周从善没有说话,过了片刻,才又声音极低地说:“但我没有梦到过表哥,从这门婚事定下后,就再也没……他是不是怪我了?”
方盈收紧手臂,思索片刻才说:“我不知殿下为人,不敢妄自揣测,但你我都是母亲早逝,父亲再娶,以我母亲的性情,必然不会责怪我父亲。”
周从善想想记忆里母亲的性情,确实也不会责怪父亲再娶,但:“男子丧妻再娶,本就天经地义。

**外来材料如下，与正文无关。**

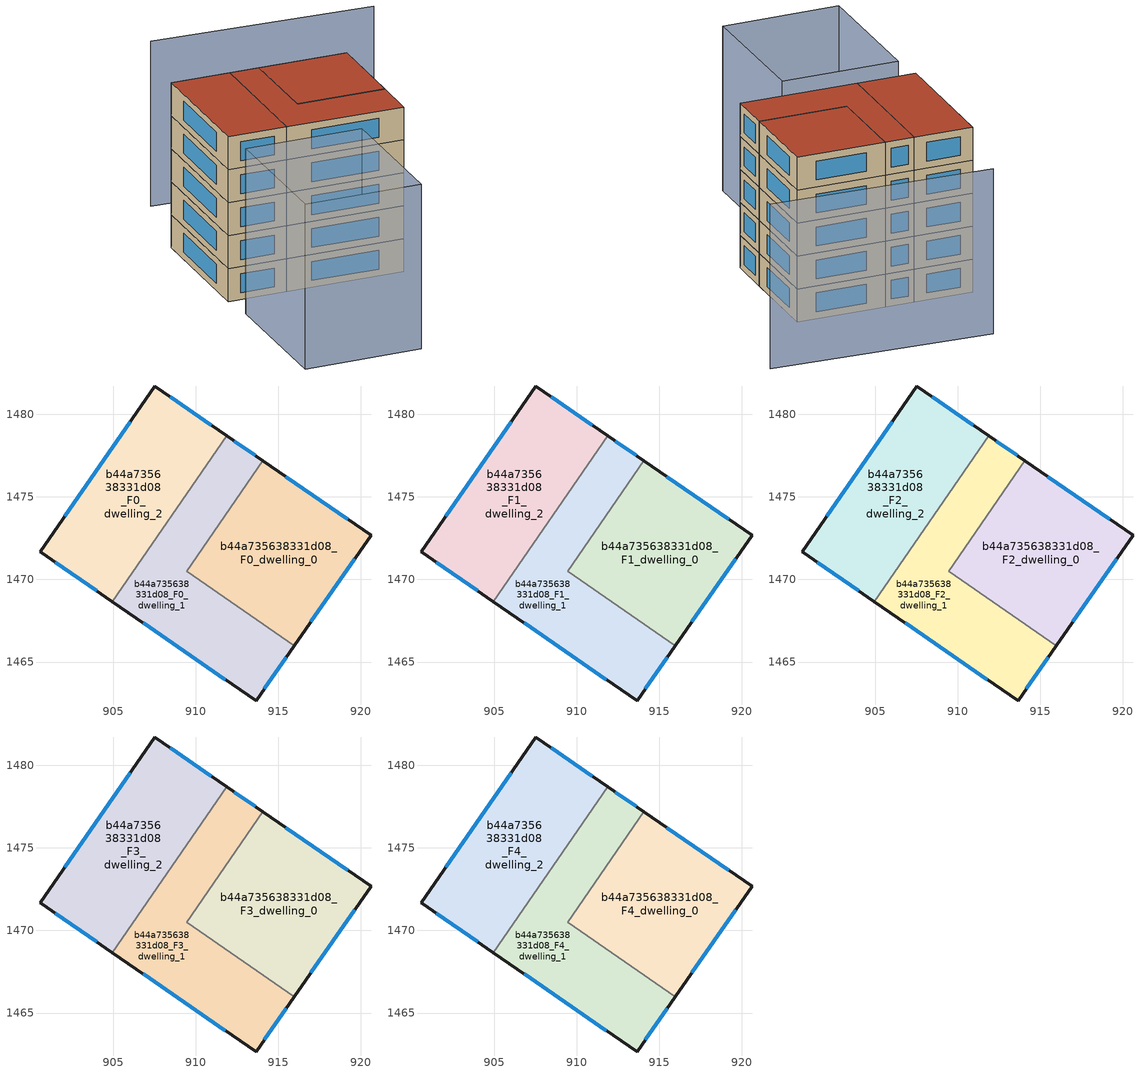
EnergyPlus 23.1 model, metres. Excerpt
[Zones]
b44a735638331d08_F0_dwelling_0
 floor ground (EU_floor_Construction): 920.61,1472.68 915.97,1466 909.44,1470.5 914.06,1477.19 z0
 wall outside (EU_wall_Construction): 915.97,1466 920.61,1472.68 914.06,1477.19 z0:3
 wall to b44a735638331d08_F0_dwelling_1 (EU_wall_Construction): 914.06,1477.19 909.44,1470.5 915.97,1466 z0:3
 window (EU_Window_Construction): 919.2,1473.64 915.46,1476.22 / 916.96,1467.43 919.61,1471.25 z0.64:2.36
b44a735638331d08_F0_dwelling_1
 floor ground (EU_floor_Construction): 914.06,1477.19 909.44,1470.5 915.97,1466 913.65,1462.66 904.95,1468.66 911.88,1478.7 z0
 wall outside (EU_wall_Construction): 904.95,1468.66 913.65,1462.66 915.97,1466 / 914.06,1477.19 911.88,1478.7 z0:3
 wall to b44a735638331d08_F0_dwelling_2 (EU_wall_Construction): 911.88,1478.7 904.95,1468.66 z0:3
 window (EU_Window_Construction): 914.15,1463.37 915.47,1465.28 / 906.81,1467.37 911.79,1463.94 / 913.59,1477.51 912.34,1478.37 z0.64:2.36
b44a735638331d08_F0_dwelling_2
 floor ground (EU_floor_Construction): 911.88,1478.7 904.95,1468.66 900.58,1471.67 907.53,1481.69 z0
 wall outside (EU_wall_Construction): 911.88,1478.7 907.53,1481.69 900.58,1471.67 904.95,1468.66 z0:3
 window (EU_Window_Construction): 901.51,1471.03 904.01,1469.3 / 906.04,1479.54 902.07,1473.82 / 910.94,1479.34 908.46,1481.05 z0.64:2.36
b44a735638331d08_F1_dwelling_0
 floor to b44a735638331d08_F0_dwelling_0 (EU_floor_Construction): 920.61,1472.68 915.97,1466 909.44,1470.5 914.06,1477.19 z3
 wall outside (EU_wall_Construction): 915.97,1466 920.61,1472.68 914.06,1477.19 z3:6
 wall to b44a735638331d08_F1_dwelling_1 (EU_wall_Construction): 914.06,1477.19 909.44,1470.5 915.97,1466 z3:6
 window (EU_Window_Construction): 919.2,1473.64 915.46,1476.22 / 916.96,1467.43 919.61,1471.25 z3.64:5.36
b44a735638331d08_F1_dwelling_1
 floor to b44a735638331d08_F0_dwelling_1 (EU_floor_Construction): 914.06,1477.19 909.44,1470.5 915.97,1466 913.65,1462.66 904.95,1468.66 911.88,1478.7 z3
 wall outside (EU_wall_Construction): 904.95,1468.66 913.65,1462.66 915.97,1466 / 914.06,1477.19 911.88,1478.7 z3:6
 wall to b44a735638331d08_F1_dwelling_2 (EU_wall_Construction): 911.88,1478.7 904.95,1468.66 z3:6
 window (EU_Window_Construction): 914.15,1463.37 915.47,1465.28 / 906.81,1467.37 911.79,1463.94 / 913.59,1477.51 912.34,1478.37 z3.64:5.36
b44a735638331d08_F1_dwelling_2
 floor to b44a735638331d08_F0_dwelling_2 (EU_floor_Construction): 911.88,1478.7 904.95,1468.66 900.58,1471.67 907.53,1481.69 z3
 wall outside (EU_wall_Construction): 911.88,1478.7 907.53,1481.69 900.58,1471.67 904.95,1468.66 z3:6
 window (EU_Window_Construction): 901.51,1471.03 904.01,1469.3 / 906.04,1479.54 902.07,1473.82 / 910.94,1479.34 908.46,1481.05 z3.64:5.36
b44a735638331d08_F2_dwelling_0
 floor to b44a735638331d08_F1_dwelling_0 (EU_floor_Construction): 920.61,1472.68 915.97,1466 909.44,1470.5 914.06,1477.19 z6
 wall outside (EU_wall_Construction): 915.97,1466 920.61,1472.68 914.06,1477.19 z6:9
 wall to b44a735638331d08_F2_dwelling_1 (EU_wall_Construction): 914.06,1477.19 909.44,1470.5 915.97,1466 z6:9
 window (EU_Window_Construction): 919.2,1473.64 915.46,1476.22 / 916.96,1467.43 919.61,1471.25 z6.64:8.36
b44a735638331d08_F2_dwelling_1
 floor to b44a735638331d08_F1_dwelling_1 (EU_floor_Construction): 914.06,1477.19 909.44,1470.5 915.97,1466 913.65,1462.66 904.95,1468.66 911.88,1478.7 z6
 wall outside (EU_wall_Construction): 904.95,1468.66 913.65,1462.66 915.97,1466 / 914.06,1477.19 911.88,1478.7 z6:9
 wall to b44a735638331d08_F2_dwelling_2 (EU_wall_Construction): 911.88,1478.7 904.95,1468.66 z6:9
 window (EU_Window_Construction): 914.15,1463.37 915.47,1465.28 / 906.81,1467.37 911.79,1463.94 / 913.59,1477.51 912.34,1478.37 z6.64:8.36
b44a735638331d08_F2_dwelling_2
 floor to b44a735638331d08_F1_dwelling_2 (EU_floor_Construction): 911.88,1478.7 904.95,1468.66 900.58,1471.67 907.53,1481.69 z6
 wall outside (EU_wall_Construction): 911.88,1478.7 907.53,1481.69 900.58,1471.67 904.95,1468.66 z6:9
 window (EU_Window_Construction): 901.51,1471.03 904.01,1469.3 / 906.04,1479.54 902.07,1473.82 / 910.94,1479.34 908.46,1481.05 z6.64:8.36
b44a735638331d08_F3_dwelling_0
 floor to b44a735638331d08_F2_dwelling_0 (EU_floor_Construction): 920.61,1472.68 915.97,1466 909.44,1470.5 914.06,1477.19 z9
 wall outside (EU_wall_Construction): 915.97,1466 920.61,1472.68 914.06,1477.19 z9:12
 wall to b44a735638331d08_F3_dwelling_1 (EU_wall_Construction): 914.06,1477.19 909.44,1470.5 915.97,1466 z9:12
 window (EU_Window_Construction): 919.2,1473.64 915.46,1476.22 / 916.96,1467.43 919.61,1471.25 z9.64:11.36
b44a735638331d08_F3_dwelling_1
 floor to b44a735638331d08_F2_dwelling_1 (EU_floor_Construction): 914.06,1477.19 909.44,1470.5 915.97,1466 913.65,1462.66 904.95,1468.66 911.88,1478.7 z9
 wall outside (EU_wall_Construction): 904.95,1468.66 913.65,1462.66 915.97,1466 / 914.06,1477.19 911.88,1478.7 z9:12
 wall to b44a735638331d08_F3_dwelling_2 (EU_wall_Construction): 911.88,1478.7 904.95,1468.66 z9:12
 window (EU_Window_Construction): 914.15,1463.37 915.47,1465.28 / 906.81,1467.37 911.79,1463.94 / 913.59,1477.51 912.34,1478.37 z9.64:11.36
b44a735638331d08_F3_dwelling_2
 floor to b44a735638331d08_F2_dwelling_2 (EU_floor_Construction): 911.88,1478.7 904.95,1468.66 900.58,1471.67 907.53,1481.69 z9
 wall outside (EU_wall_Construction): 911.88,1478.7 907.53,1481.69 900.58,1471.67 904.95,1468.66 z9:12
 window (EU_Window_Construction): 901.51,1471.03 904.01,1469.3 / 906.04,1479.54 902.07,1473.82 / 910.94,1479.34 908.46,1481.05 z9.64:11.36
b44a735638331d08_F4_dwelling_0
 floor to b44a735638331d08_F3_dwelling_0 (EU_floor_Construction): 920.61,1472.68 915.97,1466 909.44,1470.5 914.06,1477.19 z12
 wall outside (EU_wall_Construction): 915.97,1466 920.61,1472.68 914.06,1477.19 z12:15
 wall to b44a735638331d08_F4_dwelling_1 (EU_wall_Construction): 914.06,1477.19 909.44,1470.5 915.97,1466 z12:15
 window (EU_Window_Construction): 919.2,1473.64 915.46,1476.22 / 916.96,1467.43 919.61,1471.25 z12.64:14.36
 roof outside (EU_roof_Construction): 915.97,1466 920.61,1472.68 914.06,1477.19 909.44,1470.5 z15
b44a735638331d08_F4_dwelling_1
 floor to b44a735638331d08_F3_dwelling_1 (EU_floor_Construction): 914.06,1477.19 909.44,1470.5 915.97,1466 913.65,1462.66 904.95,1468.66 911.88,1478.7 z12
 wall outside (EU_wall_Construction): 904.95,1468.66 913.65,1462.66 915.97,1466 / 914.06,1477.19 911.88,1478.7 z12:15
 wall to b44a735638331d08_F4_dwelling_2 (EU_wall_Construction): 911.88,1478.7 904.95,1468.66 z12:15
 window (EU_Window_Construction): 914.15,1463.37 915.47,1465.28 / 906.81,1467.37 911.79,1463.94 / 913.59,1477.51 912.34,1478.37 z12.64:14.36
 roof outside (EU_roof_Construction): 913.65,1462.66 915.97,1466 909.44,1470.5 914.06,1477.19 911.88,1478.7 904.95,1468.66 z15
b44a735638331d08_F4_dwelling_2
 floor to b44a735638331d08_F3_dwelling_2 (EU_floor_Construction): 911.88,1478.7 904.95,1468.66 900.58,1471.67 907.53,1481.69 z12
 wall outside (EU_wall_Construction): 911.88,1478.7 907.53,1481.69 900.58,1471.67 904.95,1468.66 z12:15
 window (EU_Window_Construction): 901.51,1471.03 904.01,1469.3 / 906.04,1479.54 902.07,1473.82 / 910.94,1479.34 908.46,1481.05 z12.64:14.36
 roof outside (EU_roof_Construction): 904.95,1468.66 911.88,1478.7 907.53,1481.69 900.58,1471.67 z15
shading: 930.04,1475.98 913.91,1487.75 / 907.97,1463.21 900.9,1452.86 / 900.9,1452.86 892.23,1458.78 / 892.23,1458.78 899.3,1469.14 / 899.3,1469.14 907.97,1463.21 z0:15
[Building]
EU S2 Campaign: North Axis=0; Terrain=City; Solar Distribution=FullExterior
[Site:Location]
Yerevan-Zvartnots.Intl.AP: Latitude=40.15; Longitude=44.383; Time Zone=4; Elevation=854
[SizingPeriod:WeatherFileDays]
AnnualSizingPeriod: Begin Month=1; Begin Day of Month=1; End Month=12; End Day of Month=31; Day of Week for Start Day=Monday; Use Weather File Daylight Saving Period=No; Use Weather File Rain and Snow Indicators=No
[MATERIAL]
EU_InternalMass_Material: Roughness=MediumRough; Thickness=0.1; Conductivity=1; Density=1800; Specific Heat=900; Thermal Absorptance=0.9; Solar Absorptance=0.7; Visible Absorptance=0.7
[MATERIAL:NOMASS] Roughness=MediumRough; Thermal Absorptance=0.9; Solar Absorptance=0.7; Visible Absorptance=0.7
Name | Thermal Resistance
EU_wall_NoMass | 1.05043
EU_roof_NoMass | 1.45357
EU_floor_NoMass | 0.478065
[WINDOWMATERIAL:SIMPLEGLAZINGSYSTEM]
EU_Window_SimpleGlazing: UFactor=2.5566; Solar Heat Gain Coefficient=0.75; Visible Transmittance=0.75
[CONSTRUCTION]
EU_wall_Construction: EU_wall_NoMass
EU_roof_Construction: EU_roof_NoMass
EU_floor_Construction: EU_floor_NoMass
EU_Window_Construction: EU_Window_SimpleGlazing
EU_InternalMass_Construction: EU_InternalMass_Material
[ZONE] Type=1; Multiplier=1; Ceiling Height=autocalculate; Floor Area=autocalculate; Part of Total Floor Area=Yes
Name | Volume
b44a735638331d08_F0_dwelling_0; b44a735638331d08_F1_dwelling_0; b44a735638331d08_F2_dwelling_0; b44a735638331d08_F3_dwelling_0; b44a735638331d08_F4_dwelling_0 | 193.683
b44a735638331d08_F0_dwelling_1; b44a735638331d08_F1_dwelling_1; b44a735638331d08_F2_dwelling_1; b44a735638331d08_F3_dwelling_1; b44a735638331d08_F4_dwelling_1 | 193.701
b44a735638331d08_F0_dwelling_2 | 193.718
b44a735638331d08_F1_dwelling_2; b44a735638331d08_F2_dwelling_2; b44a735638331d08_F3_dwelling_2; b44a735638331d08_F4_dwelling_2 | 193.719
[INTERNALMASS] Construction=EU_InternalMass_Construction
Name | Zone or ZoneList | Surface Area
b44a735638331d08_F0_dwelling_0_EU_InternalMass | b44a735638331d08_F0_dwelling_0 | 64.5611
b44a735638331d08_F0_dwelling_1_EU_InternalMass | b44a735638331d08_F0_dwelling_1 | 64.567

”
“你这是苛责自己。”方盈松开手,往旁边略退开些许,看着好友的双眼,轻声问,“你是不是害怕呀?”
周从善垂下眼睫,挡住眸光,没说是,也没说不是。
方盈握住她的手:“当初纪六郎回家来,我们夫人想给我们补合卺礼,我也害怕的,你记得吧?”
周从善轻轻点头。
“我当时只想着要圆我们夫人的心愿,报答她的恩情,待到事到临头,挺一挺,再怕也都过去了。”
周从善还是没有说话,只是慢慢把头靠到方盈肩膀上。
方盈也没再开口,静静陪了好友一会儿,直到侍女来回报有至亲女眷拜见王妃,两人才出去堂中就座。
她一直在这里陪着周从善到午后,新人要沐浴梳妆了,才回去李氏身边。
等方盈再见到周从善时,她已经穿上翟衣,戴好花钗,只等秦王来迎亲了。
“王妃真美。”方盈笑着称赞。
房中还有旁人,周从善就只微微一笑。